The data >>
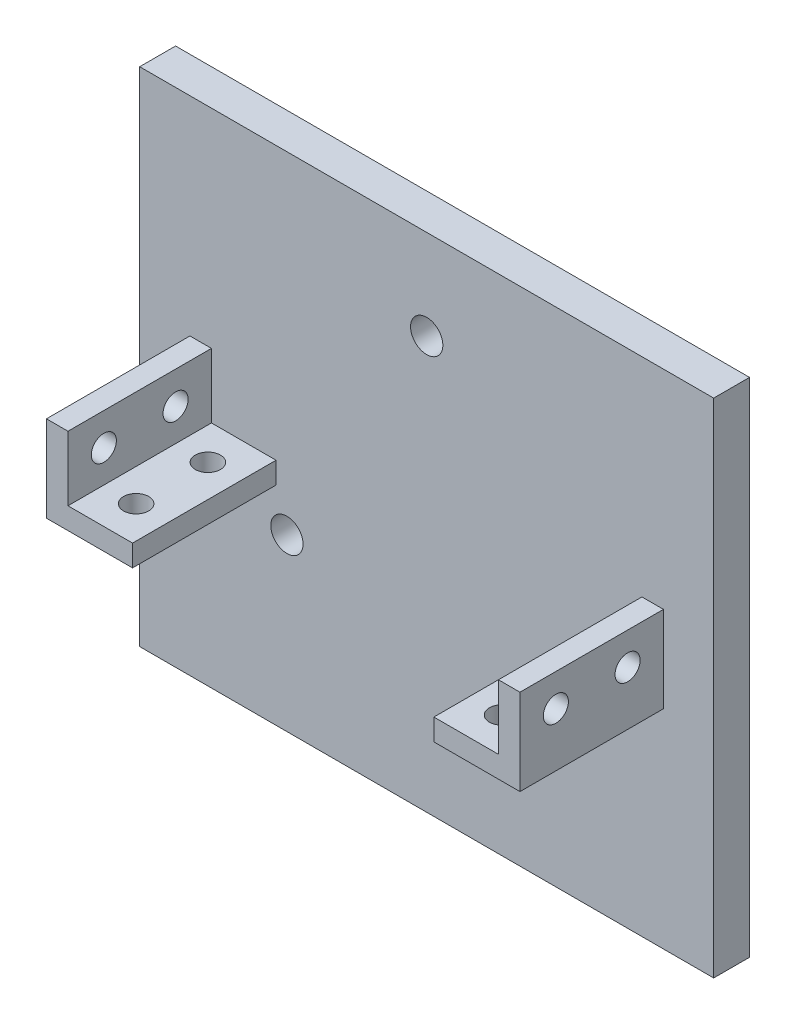
ISO-10303-21;
HEADER;
FILE_DESCRIPTION(('STEP AP214'),'2;1');
FILE_NAME('part.step','',(''),(''),'','','');
FILE_SCHEMA(('AUTOMOTIVE_DESIGN { 1 0 10303 214 1 1 1 1 }'));
ENDSEC;
DATA;
#1=APPLICATION_CONTEXT('core data for automotive mechanical design processes');
#2=APPLICATION_PROTOCOL_DEFINITION('international standard','automotive_design',2000,#1);
#3=PRODUCT_CONTEXT('',#1,'mechanical');
#4=PRODUCT('Part','Part','',(#3));
#5=PRODUCT_RELATED_PRODUCT_CATEGORY('part','',(#4));
#6=PRODUCT_DEFINITION_FORMATION('','',#4);
#7=PRODUCT_DEFINITION_CONTEXT('part definition',#1,'design');
#8=PRODUCT_DEFINITION('design','',#6,#7);
#9=PRODUCT_DEFINITION_SHAPE('','',#8);
#10=(LENGTH_UNIT() NAMED_UNIT(*) SI_UNIT(.MILLI.,.METRE.));
#11=(NAMED_UNIT(*) PLANE_ANGLE_UNIT() SI_UNIT($,.RADIAN.));
#12=(NAMED_UNIT(*) SI_UNIT($,.STERADIAN.) SOLID_ANGLE_UNIT());
#13=UNCERTAINTY_MEASURE_WITH_UNIT(LENGTH_MEASURE(1.E-05),#10,'distance_accuracy_value','');
#14=(GEOMETRIC_REPRESENTATION_CONTEXT(3) GLOBAL_UNCERTAINTY_ASSIGNED_CONTEXT((#13)) GLOBAL_UNIT_ASSIGNED_CONTEXT((#10,
#11,#12)) REPRESENTATION_CONTEXT('',''));
#15=CARTESIAN_POINT('',(0.,0.,0.));
#16=DIRECTION('',(0.,0.,1.));
#17=DIRECTION('',(1.,0.,0.));
#18=AXIS2_PLACEMENT_3D('',#15,#16,#17);
#19=CARTESIAN_POINT('',(0.,0.,5.));
#20=DIRECTION('',(0.,0.,-1.));
#21=DIRECTION('',(-1.,0.,0.));
#22=AXIS2_PLACEMENT_3D('',#19,#20,#21);
#23=PLANE('',#22);
#24=CARTESIAN_POINT('',(0.,22.5,5.));
#25=DIRECTION('',(0.,0.,1.));
#26=DIRECTION('',(1.,0.,0.));
#27=AXIS2_PLACEMENT_3D('',#24,#25,#26);
#28=CIRCLE('',#27,2.25);
#29=CARTESIAN_POINT('',(2.25,22.5,5.));
#30=VERTEX_POINT('',#29);
#31=EDGE_CURVE('E708',#30,#30,#28,.T.);
#32=ORIENTED_EDGE('',*,*,#31,.F.);
#33=EDGE_LOOP('',(#32));
#34=FACE_BOUND('',#33,.T.);
#35=CARTESIAN_POINT('',(19.4855715851508,-11.2499999999994,5.));
#36=DIRECTION('',(0.,0.,1.));
#37=DIRECTION('',(1.,0.,0.));
#38=AXIS2_PLACEMENT_3D('',#35,#36,#37);
#39=CIRCLE('',#38,2.25);
#40=CARTESIAN_POINT('',(21.7355715851508,-11.2499999999994,5.));
#41=VERTEX_POINT('',#40);
#42=EDGE_CURVE('E709',#41,#41,#39,.T.);
#43=ORIENTED_EDGE('',*,*,#42,.F.);
#44=EDGE_LOOP('',(#43));
#45=FACE_BOUND('',#44,.T.);
#46=CARTESIAN_POINT('',(-19.4855715851489,-11.2500000000005,5.));
#47=DIRECTION('',(0.,0.,1.));
#48=DIRECTION('',(1.,0.,0.));
#49=AXIS2_PLACEMENT_3D('',#46,#47,#48);
#50=CIRCLE('',#49,2.25);
#51=CARTESIAN_POINT('',(-17.2355715851489,-11.2500000000005,5.));
#52=VERTEX_POINT('',#51);
#53=EDGE_CURVE('E719',#52,#52,#50,.T.);
#54=ORIENTED_EDGE('',*,*,#53,.F.);
#55=EDGE_LOOP('',(#54));
#56=FACE_BOUND('',#55,.T.);
#57=DIRECTION('',(0.,1.,0.));
#58=VECTOR('',#57,1.);
#59=CARTESIAN_POINT('',(-30.,5.99999999999999,5.));
#60=LINE('',#59,#58);
#61=CARTESIAN_POINT('',(-30.,-3.00000000000001,5.));
#62=VERTEX_POINT('',#61);
#63=CARTESIAN_POINT('',(-30.,5.99999999999999,5.));
#64=VERTEX_POINT('',#63);
#65=EDGE_CURVE('E159',#62,#64,#60,.T.);
#66=ORIENTED_EDGE('',*,*,#65,.F.);
#67=DIRECTION('',(-1.,0.,0.));
#68=VECTOR('',#67,1.);
#69=CARTESIAN_POINT('',(-30.,-3.00000000000001,5.));
#70=LINE('',#69,#68);
#71=CARTESIAN_POINT('',(-21.,-3.00000000000001,5.));
#72=VERTEX_POINT('',#71);
#73=EDGE_CURVE('E201',#72,#62,#70,.T.);
#74=ORIENTED_EDGE('',*,*,#73,.F.);
#75=DIRECTION('',(0.,1.,0.));
#76=VECTOR('',#75,1.);
#77=CARTESIAN_POINT('',(-21.,-3.00000000000001,5.));
#78=LINE('',#77,#76);
#79=CARTESIAN_POINT('',(-21.,-6.00000000000001,5.));
#80=VERTEX_POINT('',#79);
#81=EDGE_CURVE('E223',#80,#72,#78,.T.);
#82=ORIENTED_EDGE('',*,*,#81,.F.);
#83=DIRECTION('',(1.,0.,0.));
#84=VECTOR('',#83,1.);
#85=CARTESIAN_POINT('',(-21.,-6.00000000000001,5.));
#86=LINE('',#85,#84);
#87=CARTESIAN_POINT('',(-33.,-6.00000000000001,5.));
#88=VERTEX_POINT('',#87);
#89=EDGE_CURVE('E220',#88,#80,#86,.T.);
#90=ORIENTED_EDGE('',*,*,#89,.F.);
#91=DIRECTION('',(0.,-1.,0.));
#92=VECTOR('',#91,1.);
#93=CARTESIAN_POINT('',(-33.,-6.00000000000001,5.));
#94=LINE('',#93,#92);
#95=CARTESIAN_POINT('',(-33.,5.99999999999999,5.));
#96=VERTEX_POINT('',#95);
#97=EDGE_CURVE('E217',#96,#88,#94,.T.);
#98=ORIENTED_EDGE('',*,*,#97,.F.);
#99=DIRECTION('',(-1.,0.,0.));
#100=VECTOR('',#99,1.);
#101=CARTESIAN_POINT('',(-33.,5.99999999999999,5.));
#102=LINE('',#101,#100);
#103=EDGE_CURVE('E214',#64,#96,#102,.T.);
#104=ORIENTED_EDGE('',*,*,#103,.F.);
#105=EDGE_LOOP('',(#66,#74,#82,#90,#98,#104));
#106=FACE_BOUND('',#105,.T.);
#107=DIRECTION('',(0.,1.,0.));
#108=VECTOR('',#107,1.);
#109=CARTESIAN_POINT('',(40.,-35.,5.));
#110=LINE('',#109,#108);
#111=CARTESIAN_POINT('',(40.,-35.,5.));
#112=VERTEX_POINT('',#111);
#113=CARTESIAN_POINT('',(40.,35.,5.));
#114=VERTEX_POINT('',#113);
#115=EDGE_CURVE('E246',#112,#114,#110,.T.);
#116=ORIENTED_EDGE('',*,*,#115,.T.);
#117=DIRECTION('',(-1.,0.,0.));
#118=VECTOR('',#117,1.);
#119=CARTESIAN_POINT('',(-40.,35.,5.));
#120=LINE('',#119,#118);
#121=CARTESIAN_POINT('',(-40.,35.,5.));
#122=VERTEX_POINT('',#121);
#123=EDGE_CURVE('E249',#114,#122,#120,.T.);
#124=ORIENTED_EDGE('',*,*,#123,.T.);
#125=DIRECTION('',(0.,-1.,0.));
#126=VECTOR('',#125,1.);
#127=CARTESIAN_POINT('',(-40.,-35.,5.));
#128=LINE('',#127,#126);
#129=CARTESIAN_POINT('',(-40.,-35.,5.));
#130=VERTEX_POINT('',#129);
#131=EDGE_CURVE('E252',#122,#130,#128,.T.);
#132=ORIENTED_EDGE('',*,*,#131,.T.);
#133=DIRECTION('',(1.,0.,0.));
#134=VECTOR('',#133,1.);
#135=CARTESIAN_POINT('',(-40.,-35.,5.));
#136=LINE('',#135,#134);
#137=EDGE_CURVE('E254',#130,#112,#136,.T.);
#138=ORIENTED_EDGE('',*,*,#137,.T.);
#139=EDGE_LOOP('',(#116,#124,#132,#138));
#140=FACE_BOUND('',#139,.T.);
#141=DIRECTION('',(-1.,0.,0.));
#142=VECTOR('',#141,1.);
#143=CARTESIAN_POINT('',(30.,-3.00000000000001,5.));
#144=LINE('',#143,#142);
#145=CARTESIAN_POINT('',(30.,-3.00000000000001,5.));
#146=VERTEX_POINT('',#145);
#147=CARTESIAN_POINT('',(21.,-3.00000000000001,5.));
#148=VERTEX_POINT('',#147);
#149=EDGE_CURVE('E152',#146,#148,#144,.T.);
#150=ORIENTED_EDGE('',*,*,#149,.F.);
#151=DIRECTION('',(0.,-1.,0.));
#152=VECTOR('',#151,1.);
#153=CARTESIAN_POINT('',(30.,5.99999999999999,5.));
#154=LINE('',#153,#152);
#155=CARTESIAN_POINT('',(30.,5.99999999999999,5.));
#156=VERTEX_POINT('',#155);
#157=EDGE_CURVE('E154',#156,#146,#154,.T.);
#158=ORIENTED_EDGE('',*,*,#157,.F.);
#159=DIRECTION('',(-1.,0.,0.));
#160=VECTOR('',#159,1.);
#161=CARTESIAN_POINT('',(33.,5.99999999999999,5.));
#162=LINE('',#161,#160);
#163=CARTESIAN_POINT('',(33.,5.99999999999999,5.));
#164=VERTEX_POINT('',#163);
#165=EDGE_CURVE('E170',#164,#156,#162,.T.);
#166=ORIENTED_EDGE('',*,*,#165,.F.);
#167=DIRECTION('',(0.,1.,0.));
#168=VECTOR('',#167,1.);
#169=CARTESIAN_POINT('',(33.,-6.00000000000001,5.));
#170=LINE('',#169,#168);
#171=CARTESIAN_POINT('',(33.,-6.00000000000001,5.));
#172=VERTEX_POINT('',#171);
#173=EDGE_CURVE('E184',#172,#164,#170,.T.);
#174=ORIENTED_EDGE('',*,*,#173,.F.);
#175=DIRECTION('',(1.,0.,0.));
#176=VECTOR('',#175,1.);
#177=CARTESIAN_POINT('',(21.,-6.00000000000001,5.));
#178=LINE('',#177,#176);
#179=CARTESIAN_POINT('',(21.,-6.00000000000001,5.));
#180=VERTEX_POINT('',#179);
#181=EDGE_CURVE('E63',#180,#172,#178,.T.);
#182=ORIENTED_EDGE('',*,*,#181,.F.);
#183=DIRECTION('',(0.,-1.,0.));
#184=VECTOR('',#183,1.);
#185=CARTESIAN_POINT('',(21.,-3.00000000000001,5.));
#186=LINE('',#185,#184);
#187=EDGE_CURVE('E58',#148,#180,#186,.T.);
#188=ORIENTED_EDGE('',*,*,#187,.F.);
#189=EDGE_LOOP('',(#150,#158,#166,#174,#182,#188));
#190=FACE_BOUND('',#189,.T.);
#191=ADVANCED_FACE('F41',(#34,#45,#56,#106,#140,#190),#23,.F.);
#192=CARTESIAN_POINT('',(40.,-35.,5.));
#193=DIRECTION('',(-1.,0.,0.));
#194=DIRECTION('',(0.,0.,1.));
#195=AXIS2_PLACEMENT_3D('',#192,#193,#194);
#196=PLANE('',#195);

Task directions >>
Within the listing above, give again exactly every line from the line with "#18=AXIS2_PLACEMENT_3D('',#15,#16,#17);" through the line with "#50=CIRCLE('',#49,2.25);", both included, and no other line.

Answer section >>
#18=AXIS2_PLACEMENT_3D('',#15,#16,#17);
#19=CARTESIAN_POINT('',(0.,0.,5.));
#20=DIRECTION('',(0.,0.,-1.));
#21=DIRECTION('',(-1.,0.,0.));
#22=AXIS2_PLACEMENT_3D('',#19,#20,#21);
#23=PLANE('',#22);
#24=CARTESIAN_POINT('',(0.,22.5,5.));
#25=DIRECTION('',(0.,0.,1.));
#26=DIRECTION('',(1.,0.,0.));
#27=AXIS2_PLACEMENT_3D('',#24,#25,#26);
#28=CIRCLE('',#27,2.25);
#29=CARTESIAN_POINT('',(2.25,22.5,5.));
#30=VERTEX_POINT('',#29);
#31=EDGE_CURVE('E708',#30,#30,#28,.T.);
#32=ORIENTED_EDGE('',*,*,#31,.F.);
#33=EDGE_LOOP('',(#32));
#34=FACE_BOUND('',#33,.T.);
#35=CARTESIAN_POINT('',(19.4855715851508,-11.2499999999994,5.));
#36=DIRECTION('',(0.,0.,1.));
#37=DIRECTION('',(1.,0.,0.));
#38=AXIS2_PLACEMENT_3D('',#35,#36,#37);
#39=CIRCLE('',#38,2.25);
#40=CARTESIAN_POINT('',(21.7355715851508,-11.2499999999994,5.));
#41=VERTEX_POINT('',#40);
#42=EDGE_CURVE('E709',#41,#41,#39,.T.);
#43=ORIENTED_EDGE('',*,*,#42,.F.);
#44=EDGE_LOOP('',(#43));
#45=FACE_BOUND('',#44,.T.);
#46=CARTESIAN_POINT('',(-19.4855715851489,-11.2500000000005,5.));
#47=DIRECTION('',(0.,0.,1.));
#48=DIRECTION('',(1.,0.,0.));
#49=AXIS2_PLACEMENT_3D('',#46,#47,#48);
#50=CIRCLE('',#49,2.25);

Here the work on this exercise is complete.